TASK » Each line that contains the word "VECTOR" counts once; give the total for the records below and nothing else.

INFORMATION PROVIDED »
·····

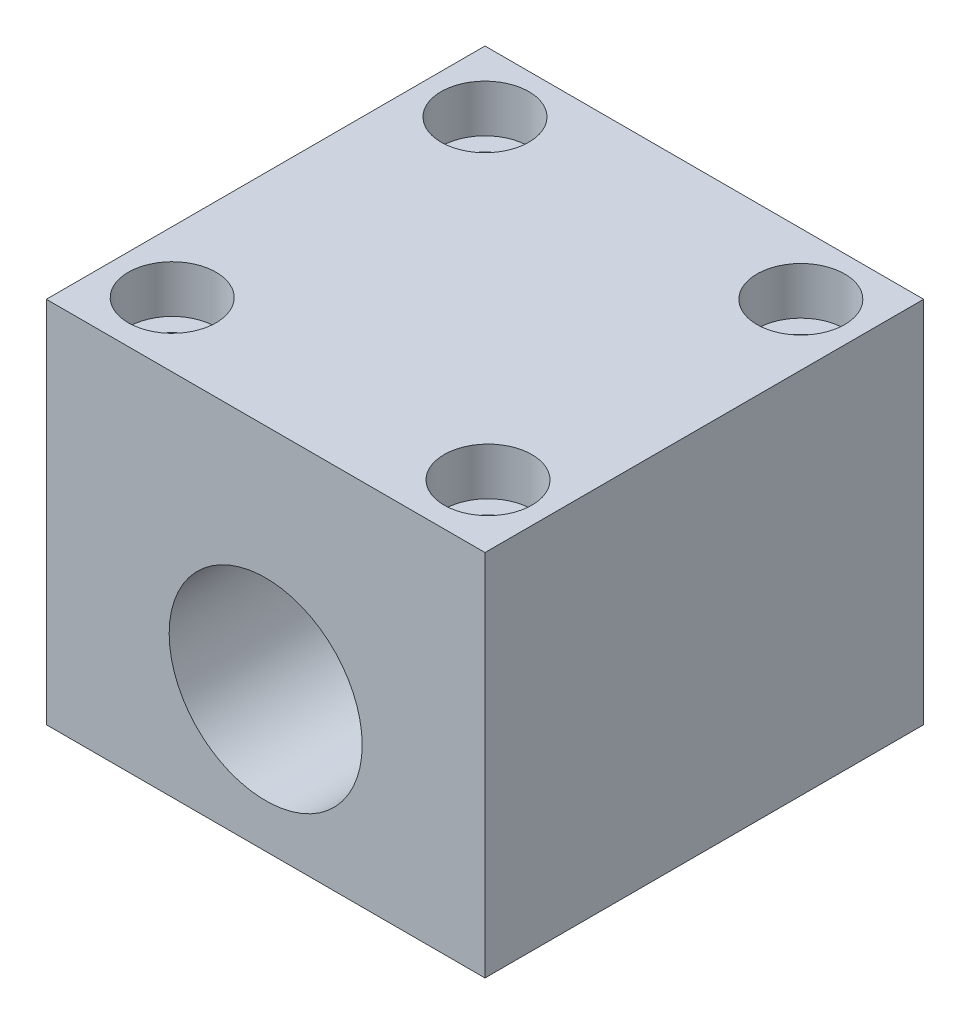
ISO-10303-21;
HEADER;
FILE_DESCRIPTION(('STEP AP214'),'2;1');
FILE_NAME('part.step','',(''),(''),'','','');
FILE_SCHEMA(('AUTOMOTIVE_DESIGN { 1 0 10303 214 1 1 1 1 }'));
ENDSEC;
DATA;
#1=APPLICATION_CONTEXT('core data for automotive mechanical design processes');
#2=APPLICATION_PROTOCOL_DEFINITION('international standard','automotive_design',2000,#1);
#3=PRODUCT_CONTEXT('',#1,'mechanical');
#4=PRODUCT('Part','Part','',(#3));
#5=PRODUCT_RELATED_PRODUCT_CATEGORY('part','',(#4));
#6=PRODUCT_DEFINITION_FORMATION('','',#4);
#7=PRODUCT_DEFINITION_CONTEXT('part definition',#1,'design');
#8=PRODUCT_DEFINITION('design','',#6,#7);
#9=PRODUCT_DEFINITION_SHAPE('','',#8);
#10=(LENGTH_UNIT() NAMED_UNIT(*) SI_UNIT(.MILLI.,.METRE.));
#11=(NAMED_UNIT(*) PLANE_ANGLE_UNIT() SI_UNIT($,.RADIAN.));
#12=(NAMED_UNIT(*) SI_UNIT($,.STERADIAN.) SOLID_ANGLE_UNIT());
#13=UNCERTAINTY_MEASURE_WITH_UNIT(LENGTH_MEASURE(1.E-05),#10,'distance_accuracy_value','');
#14=(GEOMETRIC_REPRESENTATION_CONTEXT(3) GLOBAL_UNCERTAINTY_ASSIGNED_CONTEXT((#13)) GLOBAL_UNIT_ASSIGNED_CONTEXT((#10,
#11,#12)) REPRESENTATION_CONTEXT('',''));
#15=CARTESIAN_POINT('',(0.,0.,0.));
#16=DIRECTION('',(0.,0.,1.));
#17=DIRECTION('',(1.,0.,0.));
#18=AXIS2_PLACEMENT_3D('',#15,#16,#17);
#19=CARTESIAN_POINT('',(-25.,-21.,-50.));
#20=DIRECTION('',(-1.,0.,0.));
#21=DIRECTION('',(0.,-1.,0.));
#22=AXIS2_PLACEMENT_3D('',#19,#20,#21);
#23=PLANE('',#22);
#24=DIRECTION('',(0.,-1.,0.));
#25=VECTOR('',#24,1.);
#26=CARTESIAN_POINT('',(-25.,-21.,0.));
#27=LINE('',#26,#25);
#28=CARTESIAN_POINT('',(-25.,21.,0.));
#29=VERTEX_POINT('',#28);
#30=CARTESIAN_POINT('',(-25.,-21.,0.));
#31=VERTEX_POINT('',#30);
#32=EDGE_CURVE('E103',#29,#31,#27,.T.);
#33=ORIENTED_EDGE('',*,*,#32,.F.);
#34=DIRECTION('',(0.,0.,1.));
#35=VECTOR('',#34,1.);
#36=CARTESIAN_POINT('',(-25.,21.,-50.));
#37=LINE('',#36,#35);
#38=CARTESIAN_POINT('',(-25.,21.,-50.));
#39=VERTEX_POINT('',#38);
#40=EDGE_CURVE('E11',#39,#29,#37,.T.);
#41=ORIENTED_EDGE('',*,*,#40,.F.);
#42=DIRECTION('',(0.,-1.,0.));
#43=VECTOR('',#42,1.);
#44=CARTESIAN_POINT('',(-25.,-21.,-50.));
#45=LINE('',#44,#43);
#46=CARTESIAN_POINT('',(-25.,-21.,-50.));
#47=VERTEX_POINT('',#46);
#48=EDGE_CURVE('E97',#39,#47,#45,.T.);
#49=ORIENTED_EDGE('',*,*,#48,.T.);
#50=DIRECTION('',(0.,0.,1.));
#51=VECTOR('',#50,1.);
#52=CARTESIAN_POINT('',(-25.,-21.,-50.));
#53=LINE('',#52,#51);
#54=EDGE_CURVE('E76',#47,#31,#53,.T.);
#55=ORIENTED_EDGE('',*,*,#54,.T.);
#56=EDGE_LOOP('',(#33,#41,#49,#55));
#57=FACE_BOUND('',#56,.T.);
#58=ADVANCED_FACE('F36',(#57),#23,.T.);
#59=CARTESIAN_POINT('',(-25.,21.,-50.));
#60=DIRECTION('',(0.,1.,0.));
#61=DIRECTION('',(0.,0.,1.));
#62=AXIS2_PLACEMENT_3D('',#59,#60,#61);
#63=PLANE('',#62);
#64=CARTESIAN_POINT('',(-18.,21.,-43.));
#65=DIRECTION('',(0.,1.,0.));
#66=DIRECTION('',(0.,0.,1.));
#67=AXIS2_PLACEMENT_3D('',#64,#65,#66);
#68=CIRCLE('',#67,5.);
#69=CARTESIAN_POINT('',(-18.,21.,-38.));
#70=VERTEX_POINT('',#69);
#71=EDGE_CURVE('E257',#70,#70,#68,.T.);
#72=ORIENTED_EDGE('',*,*,#71,.F.);
#73=EDGE_LOOP('',(#72));
#74=FACE_BOUND('',#73,.T.);
#75=CARTESIAN_POINT('',(-18.,21.,-7.34484149662151));
#76=DIRECTION('',(0.,1.,0.));
#77=DIRECTION('',(0.,0.,1.));
#78=AXIS2_PLACEMENT_3D('',#75,#76,#77);
#79=CIRCLE('',#78,5.);
#80=CARTESIAN_POINT('',(-18.,21.,-2.34484149662151));
#81=VERTEX_POINT('',#80);
#82=EDGE_CURVE('E265',#81,#81,#79,.T.);
#83=ORIENTED_EDGE('',*,*,#82,.F.);
#84=EDGE_LOOP('',(#83));
#85=FACE_BOUND('',#84,.T.);
#86=CARTESIAN_POINT('',(18.,21.,-7.34484149662151));
#87=DIRECTION('',(0.,1.,0.));
#88=DIRECTION('',(0.,0.,1.));
#89=AXIS2_PLACEMENT_3D('',#86,#87,#88);
#90=CIRCLE('',#89,5.);
#91=CARTESIAN_POINT('',(18.,21.,-2.34484149662151));
#92=VERTEX_POINT('',#91);
#93=EDGE_CURVE('E275',#92,#92,#90,.T.);
#94=ORIENTED_EDGE('',*,*,#93,.F.);
#95=EDGE_LOOP('',(#94));
#96=FACE_BOUND('',#95,.T.);
#97=CARTESIAN_POINT('',(18.,21.,-43.));
#98=DIRECTION('',(0.,1.,0.));
#99=DIRECTION('',(0.,0.,1.));
#100=AXIS2_PLACEMENT_3D('',#97,#98,#99);
#101=CIRCLE('',#100,5.);
#102=CARTESIAN_POINT('',(18.,21.,-38.));
#103=VERTEX_POINT('',#102);
#104=EDGE_CURVE('E285',#103,#103,#101,.T.);
#105=ORIENTED_EDGE('',*,*,#104,.F.);
#106=EDGE_LOOP('',(#105));
#107=FACE_BOUND('',#106,.T.);
#108=DIRECTION('',(-1.,0.,0.));
#109=VECTOR('',#108,1.);
#110=CARTESIAN_POINT('',(-25.,21.,0.));
#111=LINE('',#110,#109);
#112=CARTESIAN_POINT('',(25.,21.,0.));
#113=VERTEX_POINT('',#112);
#114=EDGE_CURVE('E67',#113,#29,#111,.T.);
#115=ORIENTED_EDGE('',*,*,#114,.F.);
#116=DIRECTION('',(0.,0.,1.));
#117=VECTOR('',#116,1.);
#118=CARTESIAN_POINT('',(25.,21.,-50.));
#119=LINE('',#118,#117);
#120=CARTESIAN_POINT('',(25.,21.,-50.));
#121=VERTEX_POINT('',#120);
#122=EDGE_CURVE('E45',#121,#113,#119,.T.);
#123=ORIENTED_EDGE('',*,*,#122,.F.);
#124=DIRECTION('',(-1.,0.,0.));
#125=VECTOR('',#124,1.);
#126=CARTESIAN_POINT('',(0.,21.,-50.));
#127=LINE('',#126,#125);
#128=EDGE_CURVE('E53',#121,#39,#127,.T.);
#129=ORIENTED_EDGE('',*,*,#128,.T.);
#130=ORIENTED_EDGE('',*,*,#40,.T.);
#131=EDGE_LOOP('',(#115,#123,#129,#130));
#132=FACE_BOUND('',#131,.T.);
#133=ADVANCED_FACE('F130',(#74,#85,#96,#107,#132),#63,.T.);
#134=CARTESIAN_POINT('',(25.,21.,-50.));
#135=DIRECTION('',(1.,0.,0.));
#136=DIRECTION('',(0.,1.,0.));
#137=AXIS2_PLACEMENT_3D('',#134,#135,#136);
#138=PLANE('',#137);
#139=DIRECTION('',(0.,1.,0.));
#140=VECTOR('',#139,1.);
#141=CARTESIAN_POINT('',(25.,21.,0.));
#142=LINE('',#141,#140);
#143=CARTESIAN_POINT('',(25.,-21.,0.));
#144=VERTEX_POINT('',#143);
#145=EDGE_CURVE('E87',#144,#113,#142,.T.);
#146=ORIENTED_EDGE('',*,*,#145,.F.);
#147=DIRECTION('',(0.,0.,1.));
#148=VECTOR('',#147,1.);
#149=CARTESIAN_POINT('',(25.,-21.,-50.));
#150=LINE('',#149,#148);
#151=CARTESIAN_POINT('',(25.,-21.,-50.));
#152=VERTEX_POINT('',#151);
#153=EDGE_CURVE('E82',#152,#144,#150,.T.);
#154=ORIENTED_EDGE('',*,*,#153,.F.);
#155=DIRECTION('',(0.,1.,0.));
#156=VECTOR('',#155,1.);
#157=CARTESIAN_POINT('',(25.,21.,-50.));
#158=LINE('',#157,#156);
#159=EDGE_CURVE('E85',#152,#121,#158,.T.);
#160=ORIENTED_EDGE('',*,*,#159,.T.);
#161=ORIENTED_EDGE('',*,*,#122,.T.);
#162=EDGE_LOOP('',(#146,#154,#160,#161));
#163=FACE_BOUND('',#162,.T.);
#164=ADVANCED_FACE('F84',(#163),#138,.T.);
#165=CARTESIAN_POINT('',(25.,-21.,-50.));
#166=DIRECTION('',(0.,-1.,0.));
#167=DIRECTION('',(1.,0.,0.));
#168=AXIS2_PLACEMENT_3D('',#165,#166,#167);
#169=PLANE('',#168);
#170=CARTESIAN_POINT('',(-18.,-21.,-43.));
#171=DIRECTION('',(0.,1.,0.));
#172=DIRECTION('',(0.,0.,1.));
#173=AXIS2_PLACEMENT_3D('',#170,#171,#172);
#174=CIRCLE('',#173,2.74999999999999);
#175=CARTESIAN_POINT('',(-18.,-21.,-40.25));
#176=VERTEX_POINT('',#175);
#177=EDGE_CURVE('E148',#176,#176,#174,.T.);
#178=ORIENTED_EDGE('',*,*,#177,.T.);
#179=EDGE_LOOP('',(#178));
#180=FACE_BOUND('',#179,.T.);
#181=CARTESIAN_POINT('',(-18.,-21.,-7.34484149662151));
#182=DIRECTION('',(0.,1.,0.));
#183=DIRECTION('',(0.,0.,1.));
#184=AXIS2_PLACEMENT_3D('',#181,#182,#183);
#185=CIRCLE('',#184,2.74999999999999);
#186=CARTESIAN_POINT('',(-18.,-21.,-4.59484149662152));
#187=VERTEX_POINT('',#186);
#188=EDGE_CURVE('E152',#187,#187,#185,.T.);
#189=ORIENTED_EDGE('',*,*,#188,.T.);
#190=EDGE_LOOP('',(#189));
#191=FACE_BOUND('',#190,.T.);
#192=CARTESIAN_POINT('',(18.,-21.,-7.34484149662151));
#193=DIRECTION('',(0.,1.,0.));
#194=DIRECTION('',(0.,0.,1.));
#195=AXIS2_PLACEMENT_3D('',#192,#193,#194);
#196=CIRCLE('',#195,2.74999999999999);
#197=CARTESIAN_POINT('',(18.,-21.,-4.59484149662152));
#198=VERTEX_POINT('',#197);
#199=EDGE_CURVE('E156',#198,#198,#196,.T.);
#200=ORIENTED_EDGE('',*,*,#199,.T.);
#201=EDGE_LOOP('',(#200));
#202=FACE_BOUND('',#201,.T.);
#203=CARTESIAN_POINT('',(18.,-21.,-43.));
#204=DIRECTION('',(0.,1.,0.));
#205=DIRECTION('',(0.,0.,1.));
#206=AXIS2_PLACEMENT_3D('',#203,#204,#205);
#207=CIRCLE('',#206,2.74999999999999);
#208=CARTESIAN_POINT('',(18.,-21.,-40.25));
#209=VERTEX_POINT('',#208);
#210=EDGE_CURVE('E159',#209,#209,#207,.T.);
#211=ORIENTED_EDGE('',*,*,#210,.T.);
#212=EDGE_LOOP('',(#211));
#213=FACE_BOUND('',#212,.T.);
#214=DIRECTION('',(1.,0.,0.));
#215=VECTOR('',#214,1.);
#216=CARTESIAN_POINT('',(25.,-21.,0.));
#217=LINE('',#216,#215);
#218=EDGE_CURVE('E106',#31,#144,#217,.T.);
#219=ORIENTED_EDGE('',*,*,#218,.F.);
#220=ORIENTED_EDGE('',*,*,#54,.F.);
#221=DIRECTION('',(1.,0.,0.));
#222=VECTOR('',#221,1.);
#223=CARTESIAN_POINT('',(25.,-21.,-50.));
#224=LINE('',#223,#222);
#225=EDGE_CURVE('E93',#47,#152,#224,.T.);
#226=ORIENTED_EDGE('',*,*,#225,.T.);
#227=ORIENTED_EDGE('',*,*,#153,.T.);
#228=EDGE_LOOP('',(#219,#220,#226,#227));
#229=FACE_BOUND('',#228,.T.);
#230=ADVANCED_FACE('F96',(#180,#191,#202,#213,#229),#169,.T.);
#231=CARTESIAN_POINT('',(0.,0.,-50.));
#232=DIRECTION('',(0.,0.,-1.));
#233=DIRECTION('',(-1.,0.,0.));
#234=AXIS2_PLACEMENT_3D('',#231,#232,#233);
#235=PLANE('',#234);
#236=CARTESIAN_POINT('',(0.,-5.,-50.));
#237=DIRECTION('',(0.,0.,-1.));
#238=DIRECTION('',(-1.,0.,0.));
#239=AXIS2_PLACEMENT_3D('',#236,#237,#238);
#240=CIRCLE('',#239,11.);
#241=CARTESIAN_POINT('',(-11.,-5.,-50.));
#242=VERTEX_POINT('',#241);
#243=EDGE_CURVE('E176',#242,#242,#240,.T.);
#244=ORIENTED_EDGE('',*,*,#243,.F.);
#245=EDGE_LOOP('',(#244));
#246=FACE_BOUND('',#245,.T.);
#247=ORIENTED_EDGE('',*,*,#48,.F.);
#248=ORIENTED_EDGE('',*,*,#128,.F.);
#249=ORIENTED_EDGE('',*,*,#159,.F.);
#250=ORIENTED_EDGE('',*,*,#225,.F.);
#251=EDGE_LOOP('',(#247,#248,#249,#250));
#252=FACE_BOUND('',#251,.T.);
#253=ADVANCED_FACE('F92',(#246,#252),#235,.T.);
#254=CARTESIAN_POINT('',(0.,0.,0.));
#255=DIRECTION('',(0.,0.,-1.));
#256=DIRECTION('',(-1.,0.,0.));
#257=AXIS2_PLACEMENT_3D('',#254,#255,#256);
#258=PLANE('',#257);
#259=CARTESIAN_POINT('',(0.,-5.,0.));
#260=DIRECTION('',(0.,0.,1.));
#261=DIRECTION('',(1.,0.,0.));
#262=AXIS2_PLACEMENT_3D('',#259,#260,#261);
#263=CIRCLE('',#262,11.);
#264=CARTESIAN_POINT('',(11.,-5.,0.));
#265=VERTEX_POINT('',#264);
#266=EDGE_CURVE('E172',#265,#265,#263,.T.);
#267=ORIENTED_EDGE('',*,*,#266,.F.);
#268=EDGE_LOOP('',(#267));
#269=FACE_BOUND('',#268,.T.);
#270=ORIENTED_EDGE('',*,*,#32,.T.);
#271=ORIENTED_EDGE('',*,*,#218,.T.);
#272=ORIENTED_EDGE('',*,*,#145,.T.);
#273=ORIENTED_EDGE('',*,*,#114,.T.);
#274=EDGE_LOOP('',(#270,#271,#272,#273));
#275=FACE_BOUND('',#274,.T.);
#276=ADVANCED_FACE('F113',(#269,#275),#258,.F.);
#277=CARTESIAN_POINT('',(0.,-5.,-36.));
#278=DIRECTION('',(0.,0.,-1.));
#279=DIRECTION('',(-1.,0.,0.));
#280=AXIS2_PLACEMENT_3D('',#277,#278,#279);
#281=CYLINDRICAL_SURFACE('',#280,11.);
#282=CARTESIAN_POINT('',(0.,-5.,-36.));
#283=DIRECTION('',(0.,0.,-1.));
#284=DIRECTION('',(-1.,0.,0.));
#285=AXIS2_PLACEMENT_3D('',#282,#283,#284);
#286=CIRCLE('',#285,11.);
#287=CARTESIAN_POINT('',(-11.,-5.,-36.));
#288=VERTEX_POINT('',#287);
#289=EDGE_CURVE('E107',#288,#288,#286,.T.);
#290=ORIENTED_EDGE('',*,*,#289,.F.);
#291=EDGE_LOOP('',(#290));
#292=FACE_BOUND('',#291,.T.);
#293=ORIENTED_EDGE('',*,*,#243,.T.);
#294=EDGE_LOOP('',(#293));
#295=FACE_BOUND('',#294,.T.);
#296=ADVANCED_FACE('F115',(#292,#295),#281,.F.);
#297=CARTESIAN_POINT('',(0.,-5.,-36.));
#298=DIRECTION('',(0.,0.,-1.));
#299=DIRECTION('',(-1.,0.,0.));
#300=AXIS2_PLACEMENT_3D('',#297,#298,#299);
#301=PLANE('',#300);
#302=CARTESIAN_POINT('',(0.,-5.,-36.));
#303=DIRECTION('',(0.,0.,-1.));
#304=DIRECTION('',(-1.,0.,0.));
#305=AXIS2_PLACEMENT_3D('',#302,#303,#304);
#306=CIRCLE('',#305,6.5);
#307=CARTESIAN_POINT('',(-6.5,-5.,-36.));
#308=VERTEX_POINT('',#307);
#309=EDGE_CURVE('E164',#308,#308,#306,.T.);
#310=ORIENTED_EDGE('',*,*,#309,.F.);
#311=EDGE_LOOP('',(#310));
#312=FACE_BOUND('',#311,.T.);
#313=ORIENTED_EDGE('',*,*,#289,.T.);
#314=EDGE_LOOP('',(#313));
#315=FACE_BOUND('',#314,.T.);
#316=ADVANCED_FACE('F122',(#312,#315),#301,.T.);
#317=CARTESIAN_POINT('',(0.,-5.,-30.));
#318=DIRECTION('',(0.,0.,1.));
#319=DIRECTION('',(1.,0.,0.));
#320=AXIS2_PLACEMENT_3D('',#317,#318,#319);
#321=CYLINDRICAL_SURFACE('',#320,11.);
#322=CARTESIAN_POINT('',(0.,-5.,-30.));
#323=DIRECTION('',(0.,0.,1.));
#324=DIRECTION('',(1.,0.,0.));
#325=AXIS2_PLACEMENT_3D('',#322,#323,#324);
#326=CIRCLE('',#325,11.);
#327=CARTESIAN_POINT('',(11.,-5.,-30.));
#328=VERTEX_POINT('',#327);
#329=EDGE_CURVE('E173',#328,#328,#326,.T.);
#330=ORIENTED_EDGE('',*,*,#329,.F.);
#331=EDGE_LOOP('',(#330));
#332=FACE_BOUND('',#331,.T.);
#333=ORIENTED_EDGE('',*,*,#266,.T.);
#334=EDGE_LOOP('',(#333));
#335=FACE_BOUND('',#334,.T.);
#336=ADVANCED_FACE('F186',(#332,#335),#321,.F.);
#337=CARTESIAN_POINT('',(0.,-5.,-30.));
#338=DIRECTION('',(0.,0.,1.));
#339=DIRECTION('',(1.,0.,0.));
#340=AXIS2_PLACEMENT_3D('',#337,#338,#339);
#341=PLANE('',#340);
#342=CARTESIAN_POINT('',(0.,-5.,-30.));
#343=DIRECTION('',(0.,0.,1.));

·····

RESPONSE » 12